Pangdam dan Kapolda Tegaskan Netral di Pilkada Serentak Jabar

Dony Indra Ramadhan - detikNews
Pangdam dan Kapolda Tegaskan Netral di Pilkada Serentak Jabar Pangdam dan Kapolda Jabar pastikan netral di Pilkada serentak. (Foto: Dony Indra Ramadhan/detikcom)
Bandung - Polda Jabar dan Kodam III/Siliwangi bantah tudingan Ketua Umum Partai Demokrat Susilo Bambang Yudhoyono (SBY) terkait aparat tidak netral. Dua institusi ini menegaskan pada Pilkada serentak di Jabar anak buahnya netral.

"Beberapa kali yang saya tegaskan netralitas petugas harus dan wajib. Kami menegaskan arahan Kapolri dan Panglima TNI tentang netralitas," ucap Kapolda Jabar Irjen Agung Budi Maryoto di Mapolda Jabar, Jalan Soekarno Hatta, Kota Bandung, Senin (25/6/2018).


Agung mengatakan bentuk netralitas tersebut sudah terbukti sejak mulai penetapan."Sudah dibuktikan dan disampaikan mulai dari pendaftaran paslon. Saat ditetapkan, kita juga keliling ke empat paslon," katanya.

Menurutnya sejauh ini belum ada temuan dan laporan terkait tidak netralnya aparat dalam Pilkada Serentak. "Saya juga sama empat paslon satu meja dan tanyakan apa ada yang tidak netral, jawabannya tidak ada," ujarnya.

Namun ia meminta pada masyarakat agar melaporkan jika ditemukan ada aparat tidak netral. Tindakan tegas akan diberikan kepada personel yang terbukti tidak netral.

"Silakan segera beritahu saya. Akan saya lakukan tindakan sesuai aturan yang ada. Sanksinya kita ada peraturan Kapolri dari etik sampai pidana. Jadi tidak usah ragu," kata Agung.

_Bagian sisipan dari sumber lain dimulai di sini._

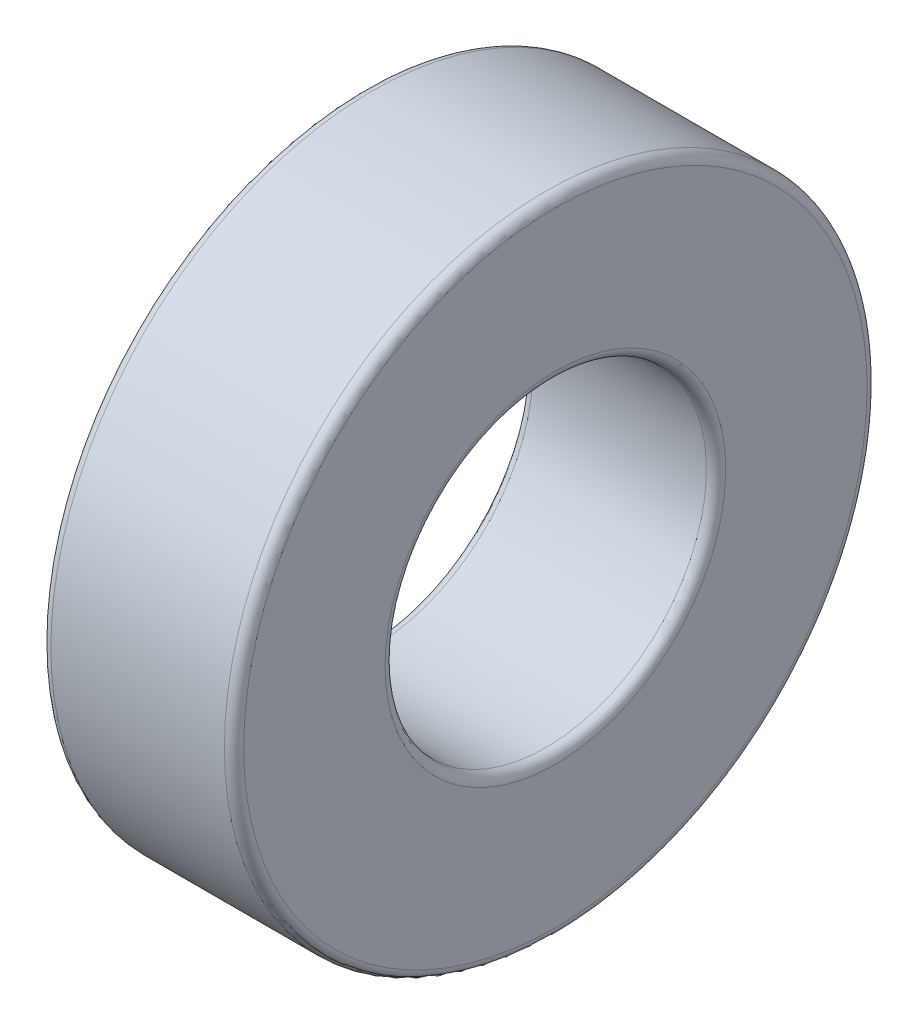
ISO-10303-21;
HEADER;
FILE_DESCRIPTION(('STEP AP214'),'2;1');
FILE_NAME('part.step','',(''),(''),'','','');
FILE_SCHEMA(('AUTOMOTIVE_DESIGN { 1 0 10303 214 1 1 1 1 }'));
ENDSEC;
DATA;
#1=APPLICATION_CONTEXT('core data for automotive mechanical design processes');
#2=APPLICATION_PROTOCOL_DEFINITION('international standard','automotive_design',2000,#1);
#3=PRODUCT_CONTEXT('',#1,'mechanical');
#4=PRODUCT('Part','Part','',(#3));
#5=PRODUCT_RELATED_PRODUCT_CATEGORY('part','',(#4));
#6=PRODUCT_DEFINITION_FORMATION('','',#4);
#7=PRODUCT_DEFINITION_CONTEXT('part definition',#1,'design');
#8=PRODUCT_DEFINITION('design','',#6,#7);
#9=PRODUCT_DEFINITION_SHAPE('','',#8);
#10=(LENGTH_UNIT() NAMED_UNIT(*) SI_UNIT(.MILLI.,.METRE.));
#11=(NAMED_UNIT(*) PLANE_ANGLE_UNIT() SI_UNIT($,.RADIAN.));
#12=(NAMED_UNIT(*) SI_UNIT($,.STERADIAN.) SOLID_ANGLE_UNIT());
#13=UNCERTAINTY_MEASURE_WITH_UNIT(LENGTH_MEASURE(1.E-05),#10,'distance_accuracy_value','');
#14=(GEOMETRIC_REPRESENTATION_CONTEXT(3) GLOBAL_UNCERTAINTY_ASSIGNED_CONTEXT((#13)) GLOBAL_UNIT_ASSIGNED_CONTEXT((#10,
#11,#12)) REPRESENTATION_CONTEXT('',''));
#15=CARTESIAN_POINT('',(0.,0.,0.));
#16=DIRECTION('',(0.,0.,1.));
#17=DIRECTION('',(1.,0.,0.));
#18=AXIS2_PLACEMENT_3D('',#15,#16,#17);
#19=CARTESIAN_POINT('',(0.15,0.,0.));
#20=DIRECTION('',(-1.,0.,0.));
#21=DIRECTION('',(0.,0.,1.));
#22=AXIS2_PLACEMENT_3D('',#19,#20,#21);
#23=CYLINDRICAL_SURFACE('',#22,2.5);
#24=CARTESIAN_POINT('',(2.85,0.,0.));
#25=DIRECTION('',(-1.,0.,0.));
#26=DIRECTION('',(0.,0.,1.));
#27=AXIS2_PLACEMENT_3D('',#24,#25,#26);
#28=CIRCLE('',#27,2.5);
#29=CARTESIAN_POINT('',(2.85,0.,2.5));
#30=VERTEX_POINT('',#29);
#31=EDGE_CURVE('E10',#30,#30,#28,.T.);
#32=ORIENTED_EDGE('',*,*,#31,.F.);
#33=EDGE_LOOP('',(#32));
#34=FACE_BOUND('',#33,.T.);
#35=CARTESIAN_POINT('',(0.15,0.,0.));
#36=DIRECTION('',(-1.,0.,0.));
#37=DIRECTION('',(0.,0.,1.));
#38=AXIS2_PLACEMENT_3D('',#35,#36,#37);
#39=CIRCLE('',#38,2.5);
#40=CARTESIAN_POINT('',(0.15,0.,2.5));
#41=VERTEX_POINT('',#40);
#42=EDGE_CURVE('E83',#41,#41,#39,.T.);
#43=ORIENTED_EDGE('',*,*,#42,.T.);
#44=EDGE_LOOP('',(#43));
#45=FACE_BOUND('',#44,.T.);
#46=ADVANCED_FACE('F15',(#34,#45),#23,.F.);
#47=CARTESIAN_POINT('',(2.85,0.,0.));
#48=DIRECTION('',(-1.,0.,0.));
#49=DIRECTION('',(0.,0.,1.));
#50=AXIS2_PLACEMENT_3D('',#47,#48,#49);
#51=TOROIDAL_SURFACE('',#50,2.65,0.15);
#52=CARTESIAN_POINT('',(3.,0.,0.));
#53=DIRECTION('',(-1.,0.,0.));
#54=DIRECTION('',(0.,0.,1.));
#55=AXIS2_PLACEMENT_3D('',#52,#53,#54);
#56=CIRCLE('',#55,2.65);
#57=CARTESIAN_POINT('',(3.,0.,2.65));
#58=VERTEX_POINT('',#57);
#59=EDGE_CURVE('E24',#58,#58,#56,.T.);
#60=ORIENTED_EDGE('',*,*,#59,.F.);
#61=EDGE_LOOP('',(#60));
#62=FACE_BOUND('',#61,.T.);
#63=ORIENTED_EDGE('',*,*,#31,.T.);
#64=EDGE_LOOP('',(#63));
#65=FACE_BOUND('',#64,.T.);
#66=ADVANCED_FACE('F110',(#62,#65),#51,.T.);
#67=CARTESIAN_POINT('',(3.,2.65,0.));
#68=DIRECTION('',(-1.,0.,0.));
#69=DIRECTION('',(0.,0.,1.));
#70=AXIS2_PLACEMENT_3D('',#67,#68,#69);
#71=PLANE('',#70);
#72=CARTESIAN_POINT('',(3.,0.,0.));
#73=DIRECTION('',(-1.,0.,0.));
#74=DIRECTION('',(0.,0.,1.));
#75=AXIS2_PLACEMENT_3D('',#72,#73,#74);
#76=CIRCLE('',#75,4.85);
#77=CARTESIAN_POINT('',(3.,0.,4.85));
#78=VERTEX_POINT('',#77);
#79=EDGE_CURVE('E33',#78,#78,#76,.T.);
#80=ORIENTED_EDGE('',*,*,#79,.F.);
#81=EDGE_LOOP('',(#80));
#82=FACE_BOUND('',#81,.T.);
#83=ORIENTED_EDGE('',*,*,#59,.T.);
#84=EDGE_LOOP('',(#83));
#85=FACE_BOUND('',#84,.T.);
#86=ADVANCED_FACE('F107',(#82,#85),#71,.F.);
#87=CARTESIAN_POINT('',(2.85,0.,0.));
#88=DIRECTION('',(-1.,0.,0.));
#89=DIRECTION('',(0.,0.,1.));
#90=AXIS2_PLACEMENT_3D('',#87,#88,#89);
#91=TOROIDAL_SURFACE('',#90,4.85,0.15);
#92=CARTESIAN_POINT('',(2.85,0.,0.));
#93=DIRECTION('',(-1.,0.,0.));
#94=DIRECTION('',(0.,0.,1.));
#95=AXIS2_PLACEMENT_3D('',#92,#93,#94);
#96=CIRCLE('',#95,5.);
#97=CARTESIAN_POINT('',(2.85,0.,5.));
#98=VERTEX_POINT('',#97);
#99=EDGE_CURVE('E97',#98,#98,#96,.T.);
#100=ORIENTED_EDGE('',*,*,#99,.F.);
#101=EDGE_LOOP('',(#100));
#102=FACE_BOUND('',#101,.T.);
#103=ORIENTED_EDGE('',*,*,#79,.T.);
#104=EDGE_LOOP('',(#103));
#105=FACE_BOUND('',#104,.T.);
#106=ADVANCED_FACE('F105',(#102,#105),#91,.T.);
#107=CARTESIAN_POINT('',(0.15,0.,0.));
#108=DIRECTION('',(-1.,0.,0.));
#109=DIRECTION('',(0.,0.,1.));
#110=AXIS2_PLACEMENT_3D('',#107,#108,#109);
#111=CYLINDRICAL_SURFACE('',#110,5.);
#112=CARTESIAN_POINT('',(0.15,0.,0.));
#113=DIRECTION('',(-1.,0.,0.));
#114=DIRECTION('',(0.,0.,1.));
#115=AXIS2_PLACEMENT_3D('',#112,#113,#114);
#116=CIRCLE('',#115,5.);
#117=CARTESIAN_POINT('',(0.15,0.,5.));
#118=VERTEX_POINT('',#117);
#119=EDGE_CURVE('E93',#118,#118,#116,.T.);
#120=ORIENTED_EDGE('',*,*,#119,.F.);
#121=EDGE_LOOP('',(#120));
#122=FACE_BOUND('',#121,.T.);
#123=ORIENTED_EDGE('',*,*,#99,.T.);
#124=EDGE_LOOP('',(#123));
#125=FACE_BOUND('',#124,.T.);
#126=ADVANCED_FACE('F124',(#122,#125),#111,.T.);
#127=CARTESIAN_POINT('',(0.15,0.,0.));
#128=DIRECTION('',(-1.,0.,0.));
#129=DIRECTION('',(0.,0.,1.));
#130=AXIS2_PLACEMENT_3D('',#127,#128,#129);
#131=TOROIDAL_SURFACE('',#130,4.85,0.15);
#132=CARTESIAN_POINT('',(0.,0.,0.));
#133=DIRECTION('',(-1.,0.,0.));
#134=DIRECTION('',(0.,0.,1.));
#135=AXIS2_PLACEMENT_3D('',#132,#133,#134);
#136=CIRCLE('',#135,4.85);
#137=CARTESIAN_POINT('',(0.,0.,4.85));
#138=VERTEX_POINT('',#137);
#139=EDGE_CURVE('E90',#138,#138,#136,.T.);
#140=ORIENTED_EDGE('',*,*,#139,.F.);
#141=EDGE_LOOP('',(#140));
#142=FACE_BOUND('',#141,.T.);
#143=ORIENTED_EDGE('',*,*,#119,.T.);
#144=EDGE_LOOP('',(#143));
#145=FACE_BOUND('',#144,.T.);
#146=ADVANCED_FACE('F128',(#142,#145),#131,.T.);
#147=CARTESIAN_POINT('',(0.,2.65,0.));
#148=DIRECTION('',(-1.,0.,0.));
#149=DIRECTION('',(0.,0.,1.));
#150=AXIS2_PLACEMENT_3D('',#147,#148,#149);
#151=PLANE('',#150);
#152=ORIENTED_EDGE('',*,*,#139,.T.);
#153=EDGE_LOOP('',(#152));
#154=FACE_BOUND('',#153,.T.);
#155=CARTESIAN_POINT('',(0.,0.,0.));
#156=DIRECTION('',(-1.,0.,0.));
#157=DIRECTION('',(0.,0.,1.));
#158=AXIS2_PLACEMENT_3D('',#155,#156,#157);
#159=CIRCLE('',#158,2.65);
#160=CARTESIAN_POINT('',(0.,0.,2.65));
#161=VERTEX_POINT('',#160);
#162=EDGE_CURVE('E86',#161,#161,#159,.T.);
#163=ORIENTED_EDGE('',*,*,#162,.F.);
#164=EDGE_LOOP('',(#163));
#165=FACE_BOUND('',#164,.T.);
#166=ADVANCED_FACE('F132',(#154,#165),#151,.T.);
#167=CARTESIAN_POINT('',(0.15,0.,0.));
#168=DIRECTION('',(-1.,0.,0.));
#169=DIRECTION('',(0.,0.,1.));
#170=AXIS2_PLACEMENT_3D('',#167,#168,#169);
#171=TOROIDAL_SURFACE('',#170,2.65,0.15);
#172=ORIENTED_EDGE('',*,*,#42,.F.);
#173=EDGE_LOOP('',(#172));
#174=FACE_BOUND('',#173,.T.);
#175=ORIENTED_EDGE('',*,*,#162,.T.);
#176=EDGE_LOOP('',(#175));
#177=FACE_BOUND('',#176,.T.);
#178=ADVANCED_FACE('F136',(#174,#177),#171,.T.);
#179=CLOSED_SHELL('',(#46,#66,#86,#106,#126,#146,#166,#178));
#180=CARTESIAN_POINT('',(0.5625,0.,0.));
#181=DIRECTION('',(-1.,0.,0.));
#182=DIRECTION('',(0.,0.,-1.));
#183=AXIS2_PLACEMENT_3D('',#180,#181,#182);
#184=CYLINDRICAL_SURFACE('',#183,3.6825);
#185=CARTESIAN_POINT('',(1.4325,0.,0.));
#186=DIRECTION('',(-1.,0.,0.));
#187=DIRECTION('',(0.,-1.,0.));
#188=AXIS2_PLACEMENT_3D('',#185,#186,#187);
#189=CIRCLE('',#188,3.6825);
#190=CARTESIAN_POINT('',(1.4325,-3.6825,0.));
#191=VERTEX_POINT('',#190);
#192=EDGE_CURVE('E64',#191,#191,#189,.T.);
#193=ORIENTED_EDGE('',*,*,#192,.T.);
#194=EDGE_LOOP('',(#193));
#195=FACE_BOUND('',#194,.T.);
#196=CARTESIAN_POINT('',(0.5625,0.,0.));
#197=DIRECTION('',(-1.,0.,0.));
#198=DIRECTION('',(0.,0.,-1.));
#199=AXIS2_PLACEMENT_3D('',#196,#197,#198);
#200=CIRCLE('',#199,3.6825);
#201=CARTESIAN_POINT('',(0.5625,0.,-3.6825));
#202=VERTEX_POINT('',#201);
#203=EDGE_CURVE('E79',#202,#202,#200,.T.);
#204=ORIENTED_EDGE('',*,*,#203,.F.);
#205=EDGE_LOOP('',(#204));
#206=FACE_BOUND('',#205,.T.);
#207=ADVANCED_FACE('F147',(#195,#206),#184,.T.);
#208=CARTESIAN_POINT('',(0.5625,0.,0.));
#209=DIRECTION('',(-1.,0.,0.));
#210=DIRECTION('',(0.,0.,-1.));
#211=AXIS2_PLACEMENT_3D('',#208,#209,#210);
#212=CYLINDRICAL_SURFACE('',#211,3.8175);
#213=CARTESIAN_POINT('',(1.4325,0.,0.));
#214=DIRECTION('',(-1.,0.,0.));
#215=DIRECTION('',(0.,-1.,0.));
#216=AXIS2_PLACEMENT_3D('',#213,#214,#215);
#217=CIRCLE('',#216,3.8175);
#218=CARTESIAN_POINT('',(1.4325,-3.8175,0.));
#219=VERTEX_POINT('',#218);
#220=EDGE_CURVE('E18',#219,#219,#217,.F.);
#221=ORIENTED_EDGE('',*,*,#220,.T.);
#222=EDGE_LOOP('',(#221));
#223=FACE_BOUND('',#222,.T.);
#224=CARTESIAN_POINT('',(0.5625,0.,0.));
#225=DIRECTION('',(-1.,0.,0.));
#226=DIRECTION('',(0.,0.,-1.));
#227=AXIS2_PLACEMENT_3D('',#224,#225,#226);
#228=CIRCLE('',#227,3.8175);
#229=CARTESIAN_POINT('',(0.5625,0.,-3.8175));
#230=VERTEX_POINT('',#229);
#231=EDGE_CURVE('E75',#230,#230,#228,.T.);
#232=ORIENTED_EDGE('',*,*,#231,.T.);
#233=EDGE_LOOP('',(#232));
#234=FACE_BOUND('',#233,.T.);
#235=ADVANCED_FACE('F152',(#223,#234),#212,.F.);
#236=CARTESIAN_POINT('',(0.5625,-3.6825,0.));
#237=DIRECTION('',(-1.,0.,0.));
#238=DIRECTION('',(0.,0.,-1.));
#239=AXIS2_PLACEMENT_3D('',#236,#237,#238);
#240=PLANE('',#239);
#241=ORIENTED_EDGE('',*,*,#231,.F.);
#242=EDGE_LOOP('',(#241));
#243=FACE_BOUND('',#242,.T.);
#244=ORIENTED_EDGE('',*,*,#203,.T.);
#245=EDGE_LOOP('',(#244));
#246=FACE_BOUND('',#245,.T.);
#247=ADVANCED_FACE('F149',(#243,#246),#240,.F.);
#248=CARTESIAN_POINT('',(1.4325,-3.33333333333333,0.));
#249=DIRECTION('',(-1.,0.,0.));
#250=DIRECTION('',(0.,0.,-1.));
#251=AXIS2_PLACEMENT_3D('',#248,#249,#250);
#252=PLANE('',#251);
#253=CARTESIAN_POINT('',(1.4325,0.,0.));
#254=DIRECTION('',(-1.,0.,0.));
#255=DIRECTION('',(0.,0.,-1.));
#256=AXIS2_PLACEMENT_3D('',#253,#254,#255);
#257=CIRCLE('',#256,4.16666666666667);
#258=CARTESIAN_POINT('',(1.4325,0.,-4.16666666666667));
#259=VERTEX_POINT('',#258);
#260=EDGE_CURVE('E51',#259,#259,#257,.T.);
#261=ORIENTED_EDGE('',*,*,#260,.F.);
#262=EDGE_LOOP('',(#261));
#263=FACE_BOUND('',#262,.T.);
#264=ORIENTED_EDGE('',*,*,#220,.F.);
#265=EDGE_LOOP('',(#264));
#266=FACE_BOUND('',#265,.T.);
#267=ADVANCED_FACE('F151',(#263,#266),#252,.F.);
#268=CARTESIAN_POINT('',(1.4325,0.,0.));
#269=DIRECTION('',(-1.,0.,0.));
#270=DIRECTION('',(0.,0.,-1.));
#271=AXIS2_PLACEMENT_3D('',#268,#269,#270);
#272=CYLINDRICAL_SURFACE('',#271,4.16666666666667);
#273=CARTESIAN_POINT('',(1.5675,0.,0.));
#274=DIRECTION('',(-1.,0.,0.));
#275=DIRECTION('',(0.,0.,-1.));
#276=AXIS2_PLACEMENT_3D('',#273,#274,#275);
#277=CIRCLE('',#276,4.16666666666667);
#278=CARTESIAN_POINT('',(1.5675,0.,-4.16666666666667));
#279=VERTEX_POINT('',#278);
#280=EDGE_CURVE('E60',#279,#279,#277,.T.);
#281=ORIENTED_EDGE('',*,*,#280,.F.);
#282=EDGE_LOOP('',(#281));
#283=FACE_BOUND('',#282,.T.);
#284=ORIENTED_EDGE('',*,*,#260,.T.);
#285=EDGE_LOOP('',(#284));
#286=FACE_BOUND('',#285,.T.);
#287=ADVANCED_FACE('F168',(#283,#286),#272,.F.);
#288=CARTESIAN_POINT('',(1.5675,-4.16666666666667,0.));
#289=DIRECTION('',(1.,0.,0.));
#290=DIRECTION('',(0.,0.,1.));
#291=AXIS2_PLACEMENT_3D('',#288,#289,#290);
#292=PLANE('',#291);
#293=ORIENTED_EDGE('',*,*,#280,.T.);
#294=EDGE_LOOP('',(#293));
#295=FACE_BOUND('',#294,.T.);
#296=CARTESIAN_POINT('',(1.5675,0.,0.));
#297=DIRECTION('',(1.,0.,0.));
#298=DIRECTION('',(0.,1.,0.));
#299=AXIS2_PLACEMENT_3D('',#296,#297,#298);
#300=CIRCLE('',#299,3.8175);
#301=CARTESIAN_POINT('',(1.5675,3.8175,0.));
#302=VERTEX_POINT('',#301);
#303=EDGE_CURVE('E36',#302,#302,#300,.F.);
#304=ORIENTED_EDGE('',*,*,#303,.F.);
#305=EDGE_LOOP('',(#304));
#306=FACE_BOUND('',#305,.T.);
#307=ADVANCED_FACE('F167',(#295,#306),#292,.F.);
#308=CARTESIAN_POINT('',(1.4325,0.,0.));
#309=DIRECTION('',(-1.,0.,0.));
#310=DIRECTION('',(0.,0.,-1.));
#311=AXIS2_PLACEMENT_3D('',#308,#309,#310);
#312=CIRCLE('',#311,3.33333333333333);
#313=CARTESIAN_POINT('',(1.4325,0.,-3.33333333333333));
#314=VERTEX_POINT('',#313);
#315=EDGE_CURVE('E40',#314,#314,#312,.T.);
#316=ORIENTED_EDGE('',*,*,#315,.T.);
#317=EDGE_LOOP('',(#316));
#318=FACE_BOUND('',#317,.T.);
#319=ORIENTED_EDGE('',*,*,#192,.F.);
#320=EDGE_LOOP('',(#319));
#321=FACE_BOUND('',#320,.T.);
#322=ADVANCED_FACE('F164',(#318,#321),#252,.F.);
#323=CARTESIAN_POINT('',(1.5675,0.,0.));
#324=DIRECTION('',(-1.,0.,0.));
#325=DIRECTION('',(0.,0.,-1.));
#326=AXIS2_PLACEMENT_3D('',#323,#324,#325);
#327=CIRCLE('',#326,3.33333333333333);
#328=CARTESIAN_POINT('',(1.5675,0.,-3.33333333333333));
#329=VERTEX_POINT('',#328);
#330=EDGE_CURVE('E209',#329,#329,#327,.T.);
#331=ORIENTED_EDGE('',*,*,#330,.F.);
#332=EDGE_LOOP('',(#331));
#333=FACE_BOUND('',#332,.T.);
#334=CARTESIAN_POINT('',(1.5675,0.,0.));
#335=DIRECTION('',(1.,0.,0.));
#336=DIRECTION('',(0.,1.,0.));
#337=AXIS2_PLACEMENT_3D('',#334,#335,#336);
#338=CIRCLE('',#337,3.6825);
#339=CARTESIAN_POINT('',(1.5675,3.6825,0.));
#340=VERTEX_POINT('',#339);
#341=EDGE_CURVE('E39',#340,#340,#338,.T.);
#342=ORIENTED_EDGE('',*,*,#341,.F.);
#343=EDGE_LOOP('',(#342));
#344=FACE_BOUND('',#343,.T.);
#345=ADVANCED_FACE('F162',(#333,#344),#292,.F.);
#346=CARTESIAN_POINT('',(1.4325,0.,0.));
#347=DIRECTION('',(-1.,0.,0.));
#348=DIRECTION('',(0.,0.,-1.));
#349=AXIS2_PLACEMENT_3D('',#346,#347,#348);
#350=CYLINDRICAL_SURFACE('',#349,3.33333333333333);
#351=ORIENTED_EDGE('',*,*,#315,.F.);
#352=EDGE_LOOP('',(#351));
#353=FACE_BOUND('',#352,.T.);
#354=ORIENTED_EDGE('',*,*,#330,.T.);
#355=EDGE_LOOP('',(#354));
#356=FACE_BOUND('',#355,.T.);
#357=ADVANCED_FACE('F145',(#353,#356),#350,.T.);
#358=ORIENTED_EDGE('',*,*,#341,.T.);
#359=EDGE_LOOP('',(#358));
#360=FACE_BOUND('',#359,.T.);
#361=CARTESIAN_POINT('',(2.4375,0.,0.));
#362=DIRECTION('',(-1.,0.,0.));
#363=DIRECTION('',(0.,0.,-1.));
#364=AXIS2_PLACEMENT_3D('',#361,#362,#363);
#365=CIRCLE('',#364,3.6825);
#366=CARTESIAN_POINT('',(2.4375,0.,-3.6825));
#367=VERTEX_POINT('',#366);
#368=EDGE_CURVE('E67',#367,#367,#365,.T.);
#369=ORIENTED_EDGE('',*,*,#368,.T.);
#370=EDGE_LOOP('',(#369));
#371=FACE_BOUND('',#370,.T.);
#372=ADVANCED_FACE('F141',(#360,#371),#184,.T.);
#373=CARTESIAN_POINT('',(2.4375,-3.8175,0.));
#374=DIRECTION('',(1.,0.,0.));
#375=DIRECTION('',(0.,0.,1.));
#376=AXIS2_PLACEMENT_3D('',#373,#374,#375);
#377=PLANE('',#376);
#378=ORIENTED_EDGE('',*,*,#368,.F.);
#379=EDGE_LOOP('',(#378));
#380=FACE_BOUND('',#379,.T.);
#381=CARTESIAN_POINT('',(2.4375,0.,0.));
#382=DIRECTION('',(-1.,0.,0.));
#383=DIRECTION('',(0.,0.,-1.));
#384=AXIS2_PLACEMENT_3D('',#381,#382,#383);
#385=CIRCLE('',#384,3.8175);
#386=CARTESIAN_POINT('',(2.4375,0.,-3.8175));
#387=VERTEX_POINT('',#386);
#388=EDGE_CURVE('E71',#387,#387,#385,.T.);
#389=ORIENTED_EDGE('',*,*,#388,.T.);
#390=EDGE_LOOP('',(#389));
#391=FACE_BOUND('',#390,.T.);
#392=ADVANCED_FACE('F144',(#380,#391),#377,.F.);
#393=ORIENTED_EDGE('',*,*,#303,.T.);
#394=EDGE_LOOP('',(#393));
#395=FACE_BOUND('',#394,.T.);
#396=ORIENTED_EDGE('',*,*,#388,.F.);
#397=EDGE_LOOP('',(#396));
#398=FACE_BOUND('',#397,.T.);
#399=ADVANCED_FACE('F154',(#395,#398),#212,.F.);
#400=CLOSED_SHELL('',(#207,#235,#247,#267,#287,#307,#322,#345,#357,#372,#392,#399));
#401=ORIENTED_CLOSED_SHELL('',*,#400,.T.);
#402=BREP_WITH_VOIDS('B1',#179,(#401));
#403=ADVANCED_BREP_SHAPE_REPRESENTATION('',(#18,#402),#14);
#404=SHAPE_DEFINITION_REPRESENTATION(#9,#403);
ENDSEC;
END-ISO-10303-21;

Jenderal bintang dua ini kembali menegaskan dalam perhelatan pesta demokrasi lima tahunan aparat akan fokus terhadap pengamanan. Tidak ada kegiatan lain di luar pengamanan Pilkada Serentak.


Hal serupa juga ditegaskan Pangdam III/Siliwangi Mayjen Besar Harto Karyawan. Ia memastikan prajuritnya netral.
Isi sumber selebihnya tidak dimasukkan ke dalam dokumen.